Dos historias sobre la incomodidad.
Por Luciana Acosta (*)
—A la edad de ustedes, con Nora ya teníamos dos hijos.
—…
—Un consejo: no hagan como nosotros: primero disfruten, viajen mucho, vivan solos. Siempre hay tiempo para juntarse y esas cosas.
Después de cortar su última relación, Romina había jurado que haría todo lo posible para demorar el momento de conocer a la familia de su próxima pareja: la pasaba realmente mal. En eso pensaba ahora que estaba ahí, con la servilleta de tela sobre la falda, sentada a la mesa, justo frente al padre de Claudio, tratando de ocultar su incomodidad.

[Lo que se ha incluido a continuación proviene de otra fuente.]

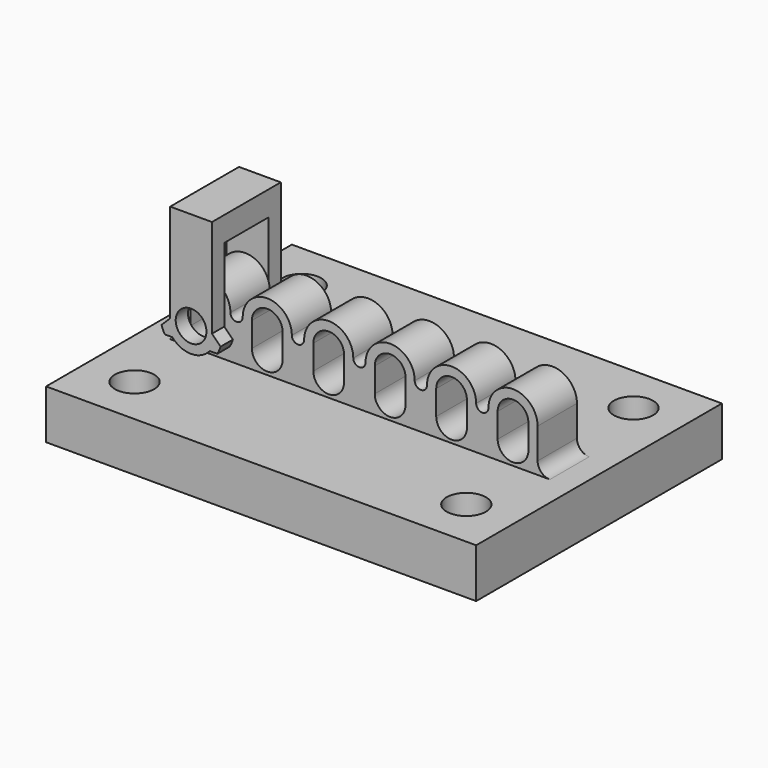
from build123d import *

# Parameters (mm, degrees)
F1_DEPTH      = 2
F2_W          = 35
F2_H          = 4
F3_DEPTH      = 10
F3_DEPTH_BACK = 15
F4_R          = 1.6
F5_DEPTH      = 6.5
F6_R          = 1.25
F7_DEPTH      = 3.5
F8_W          = 4.5
F8_H          = 8.2
F9_DEPTH      = 12.5


with BuildPart() as f1:
    # F0 (on Front) → F1 (new body, symmetric)
    with BuildSketch(Plane.XZ):
        with BuildLine():
            Line((-5, -2.5), (-5, -6.5))
            Line((-5, -6.5), (30, -6.5))
            Line((30, -6.5), (30, -2.5))
            Line((30, -2.5), (28, -2.5))
            ThreePointArc((28, -2.5), (27.2928932188, -2.2071067812), (27, -1.5))
            Line((27, -1.5), (27, 1))
            ThreePointArc((27, 1), (25, 3), (23, 1))
            ThreePointArc((23, 1), (22.5, 0.5), (22, 1))
            ThreePointArc((22, 1), (20, 3), (18, 1))
            ThreePointArc((18, 1), (17.5, 0.5), (17, 1))
            ThreePointArc((17, 1), (15, 3), (13, 1))
            ThreePointArc((13, 1), (12.5, 0.5), (12, 1))
            ThreePointArc((12, 1), (10, 3), (8, 1))
            ThreePointArc((8, 1), (7.5, 0.5), (7, 1))
            ThreePointArc((7, 1), (5, 3), (3, 1))
            ThreePointArc((3, 1), (2.5, 0.5), (2, 1))
            ThreePointArc((2, 1), (0, 3), (-2, 1))
            Line((-2, 1), (-2, -1.5))
            ThreePointArc((-2, -1.5), (-2.2928932188, -2.2071067812), (-3, -2.5))
            Line((-3, -2.5), (-5, -2.5))
        make_face()
        with BuildLine():
            Line((-1.25, -1), (-1.25, 1))
            ThreePointArc((-1.25, 1), (0, 2.25), (1.25, 1))
            Line((1.25, 1), (1.25, -1))
            ThreePointArc((1.25, -1), (0, -2.25), (-1.25, -1))
        make_face(mode=Mode.SUBTRACT)
        with BuildLine():
            ThreePointArc((6.25, -1), (5, -2.25), (3.75, -1))
            Line((3.75, -1), (3.75, 1))
            ThreePointArc((3.75, 1), (5, 2.25), (6.25, 1))
            Line((6.25, 1), (6.25, -1))
        make_face(mode=Mode.SUBTRACT)
        with BuildLine():
            ThreePointArc((11.25, -1), (10, -2.25), (8.75, -1))
            Line((8.75, -1), (8.75, 1))
            ThreePointArc((8.75, 1), (10, 2.25), (11.25, 1))
            Line((11.25, 1), (11.25, -1))
        make_face(mode=Mode.SUBTRACT)
        with BuildLine():
            ThreePointArc((16.25, -1), (15, -2.25), (13.75, -1))
            Line((13.75, -1), (13.75, 1))
            ThreePointArc((13.75, 1), (15, 2.25), (16.25, 1))
            Line((16.25, 1), (16.25, -1))
        make_face(mode=Mode.SUBTRACT)
        with BuildLine():
            ThreePointArc((21.25, -1), (20, -2.25), (18.75, -1))
            Line((18.75, -1), (18.75, 1))
            ThreePointArc((18.75, 1), (20, 2.25), (21.25, 1))
            Line((21.25, 1), (21.25, -1))
        make_face(mode=Mode.SUBTRACT)
        with BuildLine():
            ThreePointArc((26.25, -1), (25, -2.25), (23.75, -1))
            Line((23.75, -1), (23.75, 1))
            ThreePointArc((23.75, 1), (25, 2.25), (26.25, 1))
            Line((26.25, 1), (26.25, -1))
        make_face(mode=Mode.SUBTRACT)
    extrude(amount=F1_DEPTH, both=True)

    # F2 (on face) → F3 (join, two sides)
    with BuildSketch(Plane.XZ.offset(2)) as f3_sk:
        with Locations((12.5, -4.5)):
            Rectangle(F2_W, F2_H)
    extrude(amount=F3_DEPTH)
    extrude(f3_sk.sketch, amount=-F3_DEPTH_BACK)

    # F4 (on Top) → F5 (cut, through all)
    with BuildSketch(Plane.XY):
        with Locations((-1, 9)):
            Circle(F4_R)
        with Locations((26, 9)):
            Circle(F4_R)
        with Locations((26, -8)):
            Circle(F4_R)
        with Locations((-1, -8)):
            Circle(F4_R)
    extrude(amount=-F5_DEPTH, mode=Mode.SUBTRACT)


with BuildPart() as f7:
    # F6 (on Front) → F7 (new body, symmetric)
    with BuildSketch(Plane.XZ):
        with BuildLine():
            Line((-2.1354156504, -1.3), (-1.5198684154, -1.3))
            ThreePointArc((-1.5198684154, -1.3), (0, -2), (1.5198684154, -1.3))
            Line((1.5198684154, -1.3), (2.1354156504, -1.3))
            ThreePointArc((2.1354156504, -1.3), (2.2874655802, -1.0087126546), (2.4, -0.7))
            Line((2.4, -0.7), (1.7, 0))
            Line((1.7, 0), (1.7, 8))
            Line((1.7, 8), (-1.7, 8))
            Line((-1.7, 8), (-1.7, 0))
            Line((-1.7, 0), (-2.4, -0.7))
            ThreePointArc((-2.4, -0.7), (-2.2874655802, -1.0087126546), (-2.1354156504, -1.3))
        make_face()
        Circle(F6_R, mode=Mode.SUBTRACT)
    extrude(amount=F7_DEPTH, both=True)

    # F8 (on Right) → F9 (cut, symmetric)
    with BuildSketch(Plane.YZ):
        with Locations((0, 1.9)):
            Rectangle(F8_W, F8_H)
    extrude(amount=F9_DEPTH, both=True, mode=Mode.SUBTRACT)


solid = Compound([f1.part, f7.part])

La casa tenía un living comedor con un hogar y encima, un altar pequeño, con más fotos que santos y vírgenes; una cocina con espacio para otra mesa y dos habitaciones a las que se accedía a través de un pasillo angosto, oscuro. Al menos eso fue lo que alcanzó a ver Romina tras echar una mirada rápida a su alrededor mientras aceptaba el vaso con Gancia que le alcanzaba Mario, sentado en la cabecera de la mesa. Desde ese lugar clave, el hombre —la espalda ancha, calvicie avanzada sobre las sienes y el abdomen apenas contenido en una camisa con los dos primeros botones desprendidos—, distribuía bebidas, evaluaba las necesidades de cada comensal y organizaba la charla familiar. Además de lanzar máximas incomprobables al aire, una tras otra. A saber: cortarse las uñas de noche quita años de vida, comer cítricos después de las cinco de la tarde aumenta el riesgo de cáncer, nunca hay que usar los zapatos de un finado; tener peces o tortugas de mascotas atrae la mala suerte y si un perro aúlla de noche, alguien se va a morir. Otras: la cantidad de estornudos siempre debe ser impar, hay que desconfiar de los judíos y si no te acordás del nombre de alguien, seguro es amarrete. Mario, aparte, jugaba con una carta a su favor: nadie jamás cuestionaba ni contradecía semejantes afirmaciones.
La mano ejecutora de cada una de sus órdenes era Nora —directora de escuela jubilada, mujer de gestos duros y pocas palabras—, su esposa desde hace más de veinte años, a esta altura, acostumbrada a las demandas de su marido.
—¿Querés más hielo, piba?
—Está bien así, gracias.
—Nori, traele más hielo a la piba, que más que Gancia eso es mate cocido.
Al lado de Nora, Daiana, la hermana de Claudio, miraba historias de Instagram y Facebook como si fuese lo último que iba a hacer esa noche. Hasta que el padre le dijo que la cortara con el telefonito, vas a quedar estúpida. Romina se preguntó si la había registrado en algún momento y le clavó los ojos para obligarla a girar la cabeza. Mirame, mirame, mirame. Nada.
—Romi, te puedo decir así, ¿no?, Claudito nos dijo que estudiás Derecho, contame un poco, que la Dai ya tiene catorce y debería ir viendo qué va a hacer cuando termine el secundario. Tuteame tranquila y decime Marito, mejor.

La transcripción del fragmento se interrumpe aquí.